Given:
The equation is:
[tex]\sqrt{x+7}+5=x[/tex]
To find:
Whether [tex]x=2[/tex] and [tex]x=9[/tex] both are solutions or one/both of them extraneous solutions.
Solution:
We have,
[tex]\sqrt{x+7}+5=x[/tex]
Subtract 5 from both sides.
[tex]\sqrt{x+7}=x-5[/tex]
Taking square on both sides, we get
[tex]x+7=(x-5)^2[/tex]
[tex]x+7=x^2-10x+25[/tex]
[tex]0=x^2-10x+25-x-7[/tex]
[tex]0=x^2-11x+18[/tex]
Splitting the middle term, we get
[tex]x^2-2x-9x+18=0[/tex]
[tex]x(x-2)-9(x-2)=0[/tex]
[tex](x-2)(x-9)=0[/tex]
[tex]x=2,9[/tex]
Now, substitute [tex]x=2[/tex] in the given equation.
[tex]\sqrt{2+7}+5=2[/tex]
[tex]\sqrt{9}+5=2[/tex]
[tex]3+5=2[/tex]
[tex]8=2[/tex]
This statement is false because [tex]8\neq 2[/tex]. So, 2 is an extraneous solution.

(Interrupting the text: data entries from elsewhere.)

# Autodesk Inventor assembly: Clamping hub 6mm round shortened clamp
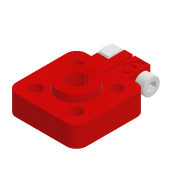
[picture p0: Inventor's stored thumbnail of the model, 180x180]
Saved by Autodesk Inventor 2020 (Build 240168000, 168)
## iProperties
Created: 2019-12-30
Part Number: Clamping hub 6mm round shortened clamp
Document SubType Name: Assembly
Designer: ball
Author: ball
## Documents named in this file (4)
- C:\FTC\FTC8863CAD\2019 Robot\Generic Parts\Clamping hub 6mm round shortened clamp.iam
- C:\FTC\FTC8863CAD\2019 Robot\Generic Parts\clamping hub 6mm round nut wells shortened clamp.ipt
- C:\FTC\FTC8863CAD\StepLibraries\Nuts\6-32 NYLON-INSERT LOCKNUT.ipt
- C:\FTC\FTC8863CAD\StepLibraries\Screws\6-32x.500 SOCKET HEAD CAP SCREW.ipt
## Components (7 placed, 3 different names)
1. clamping hub 6mm round nut wells shortened clamp:1 — Mate:1, Mate:2, Angle:1, Mate:3, Mate:4, Angle:2, Mate:5, Mate:6, Angle:3, Mate:7, Mate:8, Angle:4, Mate:9, Mate:10, Angle:5, Mate:11, Mate:12
2. 6-32 NYLON-INSERT LOCKNUT:1 — Mate:1, Mate:2, Angle:1
3. 6-32 NYLON-INSERT LOCKNUT:2 — Mate:3, Mate:4, Angle:2
4. 6-32 NYLON-INSERT LOCKNUT:3 — Mate:9, Mate:10, Angle:5
5. 6-32 NYLON-INSERT LOCKNUT:4 — Mate:5, Mate:6, Angle:3
6. 6-32 NYLON-INSERT LOCKNUT:5 — Mate:7, Mate:8, Angle:4
7. 6-32x.500 SOCKET HEAD CAP SCREW:1 — Mate:11, Mate:12
## Relationships (17: Mate 12, Angle 5)
- Mate:1: clamping hub 6mm round nut wells shortened clamp:1 ↔ 6-32 NYLON-INSERT LOCKNUT:1
- Mate:2: clamping hub 6mm round nut wells shortened clamp:1 ↔ 6-32 NYLON-INSERT LOCKNUT:1
- Angle:1 (0 deg): clamping hub 6mm round nut wells shortened clamp:1 ↔ 6-32 NYLON-INSERT LOCKNUT:1
- Mate:3: clamping hub 6mm round nut wells shortened clamp:1 ↔ 6-32 NYLON-INSERT LOCKNUT:2
- Mate:4: clamping hub 6mm round nut wells shortened clamp:1 ↔ 6-32 NYLON-INSERT LOCKNUT:2
- Angle:2 (0 deg): clamping hub 6mm round nut wells shortened clamp:1 ↔ 6-32 NYLON-INSERT LOCKNUT:2
- Mate:5: clamping hub 6mm round nut wells shortened clamp:1 ↔ 6-32 NYLON-INSERT LOCKNUT:4
- Mate:6: clamping hub 6mm round nut wells shortened clamp:1 ↔ 6-32 NYLON-INSERT LOCKNUT:4
- Angle:3 (0 deg): clamping hub 6mm round nut wells shortened clamp:1 ↔ 6-32 NYLON-INSERT LOCKNUT:4
- Mate:7: clamping hub 6mm round nut wells shortened clamp:1 ↔ 6-32 NYLON-INSERT LOCKNUT:5
- Mate:8: clamping hub 6mm round nut wells shortened clamp:1 ↔ 6-32 NYLON-INSERT LOCKNUT:5
- Angle:4 (0 deg): clamping hub 6mm round nut wells shortened clamp:1 ↔ 6-32 NYLON-INSERT LOCKNUT:5
- Mate:9: clamping hub 6mm round nut wells shortened clamp:1 ↔ 6-32 NYLON-INSERT LOCKNUT:3
- Mate:10: clamping hub 6mm round nut wells shortened clamp:1 ↔ 6-32 NYLON-INSERT LOCKNUT:3
- Angle:5 (0 deg): clamping hub 6mm round nut wells shortened clamp:1 ↔ 6-32 NYLON-INSERT LOCKNUT:3
- Mate:11: clamping hub 6mm round nut wells shortened clamp:1 ↔ 6-32x.500 SOCKET HEAD CAP SCREW:1
- Mate:12: clamping hub 6mm round nut wells shortened clamp:1 ↔ 6-32x.500 SOCKET HEAD CAP SCREW:1

Substitute [tex]x=9[/tex] in the given equation.
[tex]\sqrt{9+7}+5=9[/tex]
[tex]\sqrt{16}+5=9[/tex]
[tex]4+5=9[/tex]
[tex]9=9[/tex]
This statement is true. So, 9 is a solution of given equation.
Therefore, 2 is an extraneous solution and 9 is a solution of given equation.